Negosiasi MU bersama Barcelona untuk memboyong pemain asal Belanda itu masih terlihat ruwet. Blaugrana masih tarik ulur, dan De Jong sendiri tak diketahui ingin pergi atau tidak.
Namun penggemar Setan Merah tak perlu gusar. Pemain ini bisa dijadikan alternatif guna memperkuat lini tengah di bawah racikan Erik Ten Hag.
1. Sergej Milinkovic-Savic punya statistik lebih garang

Melansir Manchester Evening News, Savic digadang-gadang sebagai alternatif De Jong. Menilik laman statistik Squawka, ternyata gelandang berusia 27 tahun ini memiliki penampilan yang gemilang.
Pada musim lalu, Savic memainkan 37 penampilan di Serie A, dengan mengemas 11 gol serta 11 assist.
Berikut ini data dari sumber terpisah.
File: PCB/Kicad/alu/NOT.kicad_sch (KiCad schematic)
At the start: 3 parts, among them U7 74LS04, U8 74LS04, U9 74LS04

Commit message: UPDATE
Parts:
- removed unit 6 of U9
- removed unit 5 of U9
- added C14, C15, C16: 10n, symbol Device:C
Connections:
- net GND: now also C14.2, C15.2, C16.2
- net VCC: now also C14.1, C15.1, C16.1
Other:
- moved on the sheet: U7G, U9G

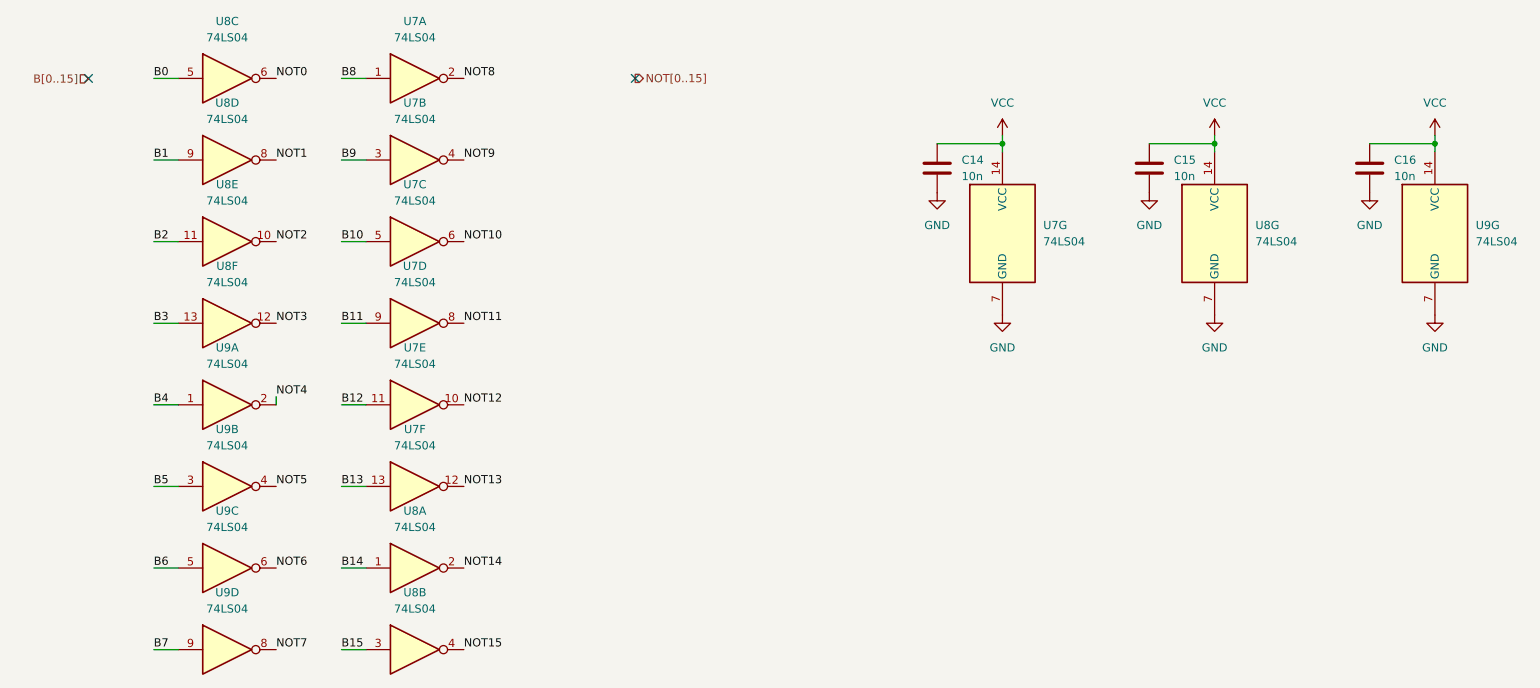
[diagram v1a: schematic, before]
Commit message: LEDs added
REGISTER.kicad_sch LEDs added to both REG_A and REG_B
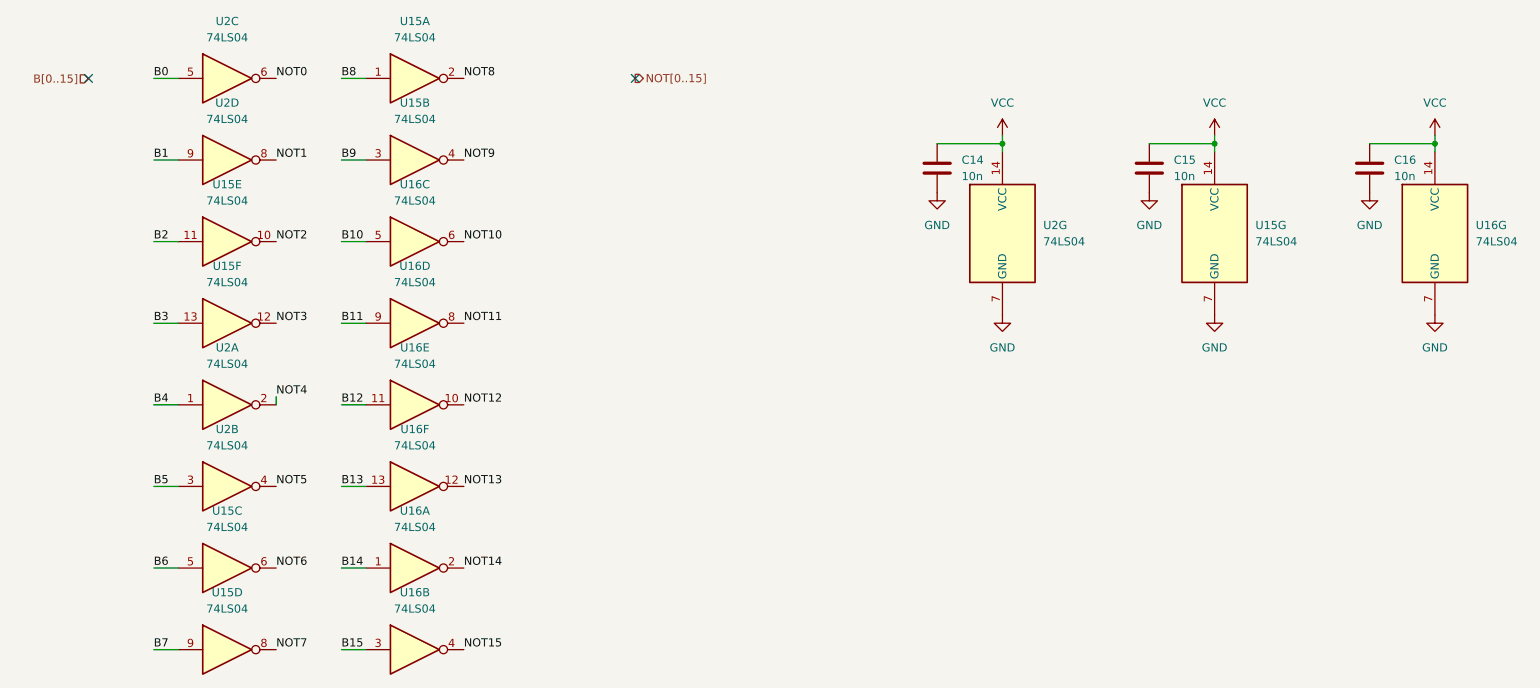
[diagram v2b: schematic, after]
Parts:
- renumbered U9 to U15, U7 to U15, U8 to U15, U7 to U16, U9 to U16, U8 to U16, U7 to U2, U8 to U2, U9 to U2
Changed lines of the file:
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@@
 		(dnp no)
 		(fields_autoplaced yes)
-		(property "Reference" "U7"
+		(property "Reference" "U2"
 			(at 199.39 45.7199 0)
 			(effects
@@
 			(project ""
 				(path "/2f66781e-a1af-4159-bccc-5b52a490afb6/f62161c6-7864-4502-bacc-9a62f524bb8c"
-					(reference "U7")
+					(reference "U2")
 					(unit 7)
 				)
@@
 		(dnp no)
 		(fields_autoplaced yes)
-		(property "Reference" "U7"
+		(property "Reference" "U16"
 			(at 101.6 52.07 0)
 			(effects
@@
 			(project ""
 				(path "/2f66781e-a1af-4159-bccc-5b52a490afb6/f62161c6-7864-4502-bacc-9a62f524bb8c"
-					(reference "U7")
+					(reference "U16")
 					(unit 4)
 				)
@@
 		(dnp no)
 		(fields_autoplaced yes)
-		(property "Reference" "#PWR028"
+		(property "Reference" "#PWR066"
 			(at 193.04 66.04 0)
 			(effects
@@
 			(project ""
 				(path "/2f66781e-a1af-4159-bccc-5b52a490afb6/f62161c6-7864-4502-bacc-9a62f524bb8c"
-					(reference "#PWR028")
+					(reference "#PWR066")
 					(unit 1)
 				)
@@
 		(dnp no)
 		(fields_autoplaced yes)
-		(property "Reference" "U9"
+		(property "Reference" "U15"
 			(at 72.39 102.87 0)
 			(effects
@@
 			(project "alu"
 				(path "/2f66781e-a1af-4159-bccc-5b52a490afb6/f62161c6-7864-4502-bacc-9a62f524bb8c"
-					(reference "U9")
+					(reference "U15")
 					(unit 4)
 				)
@@
 		(dnp no)
 		(fields_autoplaced yes)
-		(property "Reference" "U8"
+		(property "Reference" "U2"
 			(at 72.39 26.67 0)
 			(effects
@@
 			(project "alu"
 				(path "/2f66781e-a1af-4159-bccc-5b52a490afb6/f62161c6-7864-4502-bacc-9a62f524bb8c"
-					(reference "U8")
+					(reference "U2")
 					(unit 4)
 				)
@@
 		(dnp no)
 		(fields_autoplaced yes)
-		(property "Reference" "U9"
+		(property "Reference" "U16"
 			(at 266.7 45.7199 0)
 			(effects
@@
 			(project "alu"
 				(path "/2f66781e-a1af-4159-bccc-5b52a490afb6/f62161c6-7864-4502-bacc-9a62f524bb8c"
-					(reference "U9")
+					(reference "U16")
 					(unit 7)
 				)
@@
 		(dnp no)
 		(fields_autoplaced yes)
-		(property "Reference" "U7"
+		(property "Reference" "U16"
 			(at 101.6 39.37 0)
 			(effects
@@
 			(project ""
 				(path "/2f66781e-a1af-4159-bccc-5b52a490afb6/f62161c6-7864-4502-bacc-9a62f524bb8c"
-					(reference "U7")
+					(reference "U16")
 					(unit 3)
 				)
@@
 		(dnp no)
 		(fields_autoplaced yes)
-		(property "Reference" "#PWR0226"
+		(property "Reference" "#PWR070"
 			(at 250.19 46.99 0)
 			(effects
@@
 			(project "alu"
 				(path "/2f66781e-a1af-4159-bccc-5b52a490afb6/f62161c6-7864-4502-bacc-9a62f524bb8c"
-					(reference "#PWR0226")
+					(reference "#PWR070")
 					(unit 1)
 				)
@@
 		(dnp no)
 		(fields_autoplaced yes)
-		(property "Reference" "#PWR0224"
+		(property "Reference" "#PWR064"
 			(at 182.88 46.99 0)
 			(effects
@@
 			(project "alu"
 				(path "/2f66781e-a1af-4159-bccc-5b52a490afb6/f62161c6-7864-4502-bacc-9a62f524bb8c"
-					(reference "#PWR0224")
+					(reference "#PWR064")
 					(unit 1)
 				)
@@
 		(dnp no)
 		(fields_autoplaced yes)
-		(property "Reference" "U7"
+		(property "Reference" "U16"
 			(at 101.6 77.47 0)
 			(effects
@@
 			(project ""
 				(path "/2f66781e-a1af-4159-bccc-5b52a490afb6/f62161c6-7864-4502-bacc-9a62f524bb8c"
-					(reference "U7")
+					(reference "U16")
 					(unit 6)
 				)
@@
 		(dnp no)
 		(fields_autoplaced yes)
-		(property "Reference" "#PWR027"
+		(property "Reference" "#PWR071"
 			(at 260.35 35.56 0)
 			(effects
@@
 			(project "alu"
 				(path "/2f66781e-a1af-4159-bccc-5b52a490afb6/f62161c6-7864-4502-bacc-9a62f524bb8c"
-					(reference "#PWR027")
+					(reference "#PWR071")
 					(unit 1)
 				)
@@
 		(dnp no)
 		(fields_autoplaced yes)
-		(property "Reference" "#PWR0225"
+		(property "Reference" "#PWR067"
 			(at 215.9 46.99 0)
 			(effects
@@
 			(project "alu"
 				(path "/2f66781e-a1af-4159-bccc-5b52a490afb6/f62161c6-7864-4502-bacc-9a62f524bb8c"
-					(reference "#PWR0225")
+					(reference "#PWR067")
 					(unit 1)
 				)
@@
 		(dnp no)
 		(fields_autoplaced yes)
-		(property "Reference" "#PWR026"
+		(property "Reference" "#PWR068"
 			(at 226.06 35.56 0)
 			(effects
@@
 			(project "alu"
 				(path "/2f66781e-a1af-4159-bccc-5b52a490afb6/f62161c6-7864-4502-bacc-9a62f524bb8c"
-					(reference "#PWR026")
+					(reference "#PWR068")
 					(unit 1)
 				)
@@
 		(dnp no)
 		(fields_autoplaced yes)
-		(property "Reference" "U7"
+		(property "Reference" "U15"
 			(at 101.6 13.97 0)
 			(effects
@@
 			(project ""
 				(path "/2f66781e-a1af-4159-bccc-5b52a490afb6/f62161c6-7864-4502-bacc-9a62f524bb8c"
-					(reference "U7")
+					(reference "U15")
 					(unit 1)
 				)
@@
 		(dnp no)
 		(fields_autoplaced yes)
-		(property "Reference" "U9"
+		(property "Reference" "U15"
 			(at 72.39 90.17 0)
 			(effects
@@
 			(project "alu"
 				(path "/2f66781e-a1af-4159-bccc-5b52a490afb6/f62161c6-7864-4502-bacc-9a62f524bb8c"
-					(reference "U9")
+					(reference "U15")
 					(unit 3)
 				)
@@
 		(dnp no)
 		(fields_autoplaced yes)
-		(property "Reference" "U7"
+		(property "Reference" "U16"
 			(at 101.6 64.77 0)
 			(effects
@@
 			(project ""
 				(path "/2f66781e-a1af-4159-bccc-5b52a490afb6/f62161c6-7864-4502-bacc-9a62f524bb8c"
-					(reference "U7")
+					(reference "U16")
 					(unit 5)
 				)
@@
 		(dnp no)
 		(fields_autoplaced yes)
-		(property "Reference" "U9"
+		(property "Reference" "U2"
 			(at 72.39 64.77 0)
 			(effects
@@
 			(project "alu"
 				(path "/2f66781e-a1af-4159-bccc-5b52a490afb6/f62161c6-7864-4502-bacc-9a62f524bb8c"
-					(reference "U9")
+					(reference "U2")
 					(unit 1)
 				)
@@
 		(dnp no)
 		(fields_autoplaced yes)
-		(property "Reference" "U8"
+		(property "Reference" "U2"
 			(at 72.39 13.97 0)
 			(effects
@@
 			(project "alu"
 				(path "/2f66781e-a1af-4159-bccc-5b52a490afb6/f62161c6-7864-4502-bacc-9a62f524bb8c"
-					(reference "U8")
+					(reference "U2")
 					(unit 3)
 				)
@@
 		(dnp no)
 		(fields_autoplaced yes)
-		(property "Reference" "U8"
+		(property "Reference" "U15"
 			(at 232.41 45.7199 0)
 			(effects
@@
 			(project "alu"
 				(path "/2f66781e-a1af-4159-bccc-5b52a490afb6/f62161c6-7864-4502-bacc-9a62f524bb8c"
-					(reference "U8")
+					(reference "U15")
 					(unit 7)
 				)
@@
 		(dnp no)
 		(fields_autoplaced yes)
-		(property "Reference" "U8"
+		(property "Reference" "U15"
 			(at 72.39 39.37 0)
 			(effects
@@
 			(project "alu"
 				(path "/2f66781e-a1af-4159-bccc-5b52a490afb6/f62161c6-7864-4502-bacc-9a62f524bb8c"
-					(reference "U8")
+					(reference "U15")
 					(unit 5)
 				)
@@
 		(dnp no)
 		(fields_autoplaced yes)
-		(property "Reference" "U7"
+		(property "Reference" "U15"
 			(at 101.6 26.67 0)
 			(effects
@@
 			(project ""
 				(path "/2f66781e-a1af-4159-bccc-5b52a490afb6/f62161c6-7864-4502-bacc-9a62f524bb8c"
-					(reference "U7")
+					(reference "U15")
 					(unit 2)
 				)
@@
 		(dnp no)
 		(fields_autoplaced yes)
-		(property "Reference" "U8"
+		(property "Reference" "U16"
 			(at 101.6 102.87 0)
 			(effects
@@
 			(project "alu"
 				(path "/2f66781e-a1af-4159-bccc-5b52a490afb6/f62161c6-7864-4502-bacc-9a62f524bb8c"
-					(reference "U8")
+					(reference "U16")
 					(unit 2)
 				)
@@
 		(dnp no)
 		(fields_autoplaced yes)
-		(property "Reference" "#PWR029"
+		(property "Reference" "#PWR069"
 			(at 226.06 66.04 0)
 			(effects
@@
 			(project "alu"
 				(path "/2f66781e-a1af-4159-bccc-5b52a490afb6/f62161c6-7864-4502-bacc-9a62f524bb8c"
-					(reference "#PWR029")
+					(reference "#PWR069")
 					(unit 1)
 				)
@@
 		(dnp no)
 		(fields_autoplaced yes)
-		(property "Reference" "#PWR025"
+		(property "Reference" "#PWR065"
 			(at 193.04 35.56 0)
 			(effects
@@
 			(project ""
 				(path "/2f66781e-a1af-4159-bccc-5b52a490afb6/f62161c6-7864-4502-bacc-9a62f524bb8c"
-					(reference "#PWR025")
+					(reference "#PWR065")
 					(unit 1)
 				)
@@
 		(dnp no)
 		(fields_autoplaced yes)
-		(property "Reference" "U8"
+		(property "Reference" "U15"
 			(at 72.39 52.07 0)
 			(effects
@@
 			(project "alu"
 				(path "/2f66781e-a1af-4159-bccc-5b52a490afb6/f62161c6-7864-4502-bacc-9a62f524bb8c"
-					(reference "U8")
+					(reference "U15")
 					(unit 6)
 				)
@@
 		(dnp no)
 		(fields_autoplaced yes)
-		(property "Reference" "#PWR030"
+		(property "Reference" "#PWR072"
 			(at 260.35 66.04 0)
 			(effects
@@
 			(project "alu"
 				(path "/2f66781e-a1af-4159-bccc-5b52a490afb6/f62161c6-7864-4502-bacc-9a62f524bb8c"
-					(reference "#PWR030")
+					(reference "#PWR072")
 					(unit 1)
 				)
@@
 		(dnp no)
 		(fields_autoplaced yes)
-		(property "Reference" "U9"
+		(property "Reference" "U2"
 			(at 72.39 77.47 0)
 			(effects
@@
 			(project "alu"
 				(path "/2f66781e-a1af-4159-bccc-5b52a490afb6/f62161c6-7864-4502-bacc-9a62f524bb8c"
-					(reference "U9")
+					(reference "U2")
 					(unit 2)
 				)
@@
 		(dnp no)
 		(fields_autoplaced yes)
-		(property "Reference" "U8"
+		(property "Reference" "U16"
 			(at 101.6 90.17 0)
 			(effects
@@
 			(project "alu"
 				(path "/2f66781e-a1af-4159-bccc-5b52a490afb6/f62161c6-7864-4502-bacc-9a62f524bb8c"
-					(reference "U8")
+					(reference "U16")
 					(unit 1)
 				)

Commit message: Footprints, PCB update
Added footprints to all components, updated the PCB with the schematic
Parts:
- C14, C15, C16: footprint (none) -> Capacitor_SMD:C_0603_1608Metric
- U15, U16, U2: footprint (none) -> Package_SO:SOIC-14_3.9x8.7mm_P1.27mm
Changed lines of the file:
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@@
 			)
 		)
-		(property "Footprint" ""
+		(property "Footprint" "Package_SO:SOIC-14_3.9x8.7mm_P1.27mm"
 			(at 193.04 46.99 0)
 			(effects
@@
 			)
 		)
-		(property "Footprint" ""
+		(property "Footprint" "Package_SO:SOIC-14_3.9x8.7mm_P1.27mm"
 			(at 101.6 60.96 0)
 			(effects
@@
 			)
 		)
-		(property "Footprint" ""
+		(property "Footprint" "Package_SO:SOIC-14_3.9x8.7mm_P1.27mm"
 			(at 72.39 111.76 0)
 			(effects
@@
 			)
 		)
-		(property "Footprint" ""
+		(property "Footprint" "Package_SO:SOIC-14_3.9x8.7mm_P1.27mm"
 			(at 72.39 35.56 0)
 			(effects
@@
 			)
 		)
-		(property "Footprint" ""
+		(property "Footprint" "Package_SO:SOIC-14_3.9x8.7mm_P1.27mm"
 			(at 260.35 46.99 0)
 			(effects
@@
 			)
 		)
-		(property "Footprint" ""
+		(property "Footprint" "Package_SO:SOIC-14_3.9x8.7mm_P1.27mm"
 			(at 101.6 48.26 0)
 			(effects
@@
 			)
 		)
-		(property "Footprint" ""
+		(property "Footprint" "Package_SO:SOIC-14_3.9x8.7mm_P1.27mm"
 			(at 101.6 86.36 0)
 			(effects
@@
 			)
 		)
-		(property "Footprint" ""
+		(property "Footprint" "Package_SO:SOIC-14_3.9x8.7mm_P1.27mm"
 			(at 101.6 22.86 0)
 			(effects
@@
 			)
 		)
-		(property "Footprint" ""
+		(property "Footprint" "Package_SO:SOIC-14_3.9x8.7mm_P1.27mm"
 			(at 72.39 99.06 0)
 			(effects
@@
 			)
 		)
-		(property "Footprint" ""
+		(property "Footprint" "Package_SO:SOIC-14_3.9x8.7mm_P1.27mm"
 			(at 101.6 73.66 0)
 			(effects
@@
 			)
 		)
-		(property "Footprint" ""
+		(property "Footprint" "Package_SO:SOIC-14_3.9x8.7mm_P1.27mm"
 			(at 72.39 73.66 0)
 			(effects
@@
 			)
 		)
-		(property "Footprint" ""
+		(property "Footprint" "Package_SO:SOIC-14_3.9x8.7mm_P1.27mm"
 			(at 72.39 22.86 0)
 			(effects
@@
 			)
 		)
-		(property "Footprint" ""
+		(property "Footprint" "Package_SO:SOIC-14_3.9x8.7mm_P1.27mm"
 			(at 226.06 46.99 0)
 			(effects
@@
 			)
 		)
-		(property "Footprint" ""
+		(property "Footprint" "Capacitor_SMD:C_0603_1608Metric"
 			(at 216.8652 40.64 0)
 			(effects
@@
 			)
 		)
-		(property "Footprint" ""
+		(property "Footprint" "Package_SO:SOIC-14_3.9x8.7mm_P1.27mm"
 			(at 72.39 48.26 0)
 			(effects
@@
 			)
 		)
-		(property "Footprint" ""
+		(property "Footprint" "Package_SO:SOIC-14_3.9x8.7mm_P1.27mm"
 			(at 101.6 35.56 0)
 			(effects
@@
 			)
 		)
-		(property "Footprint" ""
+		(property "Footprint" "Package_SO:SOIC-14_3.9x8.7mm_P1.27mm"
 			(at 101.6 111.76 0)
 			(effects
@@
 			)
 		)
-		(property "Footprint" ""
+		(property "Footprint" "Capacitor_SMD:C_0603_1608Metric"
 			(at 183.8452 40.64 0)
 			(effects
@@
 			)
 		)
-		(property "Footprint" ""
+		(property "Footprint" "Package_SO:SOIC-14_3.9x8.7mm_P1.27mm"
 			(at 72.39 60.96 0)
 			(effects
@@
 			)
 		)
-		(property "Footprint" ""
+		(property "Footprint" "Package_SO:SOIC-14_3.9x8.7mm_P1.27mm"
 			(at 72.39 86.36 0)
 			(effects
@@
 			)
 		)
-		(property "Footprint" ""
+		(property "Footprint" "Capacitor_SMD:C_0603_1608Metric"
 			(at 251.1552 40.64 0)
 			(effects
@@
 			)
 		)
-		(property "Footprint" ""
+		(property "Footprint" "Package_SO:SOIC-14_3.9x8.7mm_P1.27mm"
 			(at 101.6 99.06 0)
 			(effects

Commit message: ALU Pcb update
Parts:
- C14, C15, C16: value 10n -> 100nF; footprint Capacitor_SMD:C_0603_1608Metric -> Capacitor_SMD:C_0402_1005Metric
- U15, U16, U2: value 74LS04 -> 7404; footprint Package_SO:SOIC-14_3.9x8.7mm_P1.27mm -> Package_SO:SO-14_3.9x8.65mm_P1.27mm

Sebaliknya, De Jong hanya menciptakan tiga gol dan assist, dari 32 laga.
Tugas gelandang adalah menjadi motor serangan, untuk mengalirkan bola ke lini depan. Savic melakukan tugasnya dengan sangat baik. Dia membuat 52 peluang dari 37 penampilan, yakni sembilan lebih banyak ketimbang De Jong.
Savic juga mencatat 3006 sentuhan, 200 merebut bola, 1872 passing sukses dari 2301 operan, dengan akurasi 81,36 persen. De Jong hanya mampu unggul soal akurasi passing, dengan persentase 91,33.
2. Savic sudah familiar bagi fans MU

Gelandang Lazio ini sejatinya sudah familiar bagi fans MU. Sebab, dia pernah dikaitkan dengan kepindahannya ke Old Trafford pada 2018 dan 2020 silam.
Rencana tersebut gagal karena Lazio memagari Savic dengan harga selangit. Bagaimana tidak, pemain berpaspor Serbia itu dipatok seharga 100 juta euro, setara Rp1,5 triliun. MU langsung menolak karena kemahalan.
3. Erik Ten Hag masih prioritaskan Frenkie De Jong

Di sisi lain, prioritas Ten Hag sepertinya masih kepada De Jong. Dia juga pernah mengaku akan memanfaatkan sumber daya yang ada jika gagal mendapatkan pemain incarannya tersebut.
"Kami mencari pemain yang bisa bermain di posisi gelandang bertahan, tapi itu harus yang tepat. Tidak banyak orang di posisi itu yang mampu mencapai level yang kami tuntut. Ketika kami tidak dapat menemukannya, kami harus berurusan dengan para pemain di skuat kami sekarang dan kami akan mengembangkannya di posisi itu," kata Ten Hag mengutip The Athletic.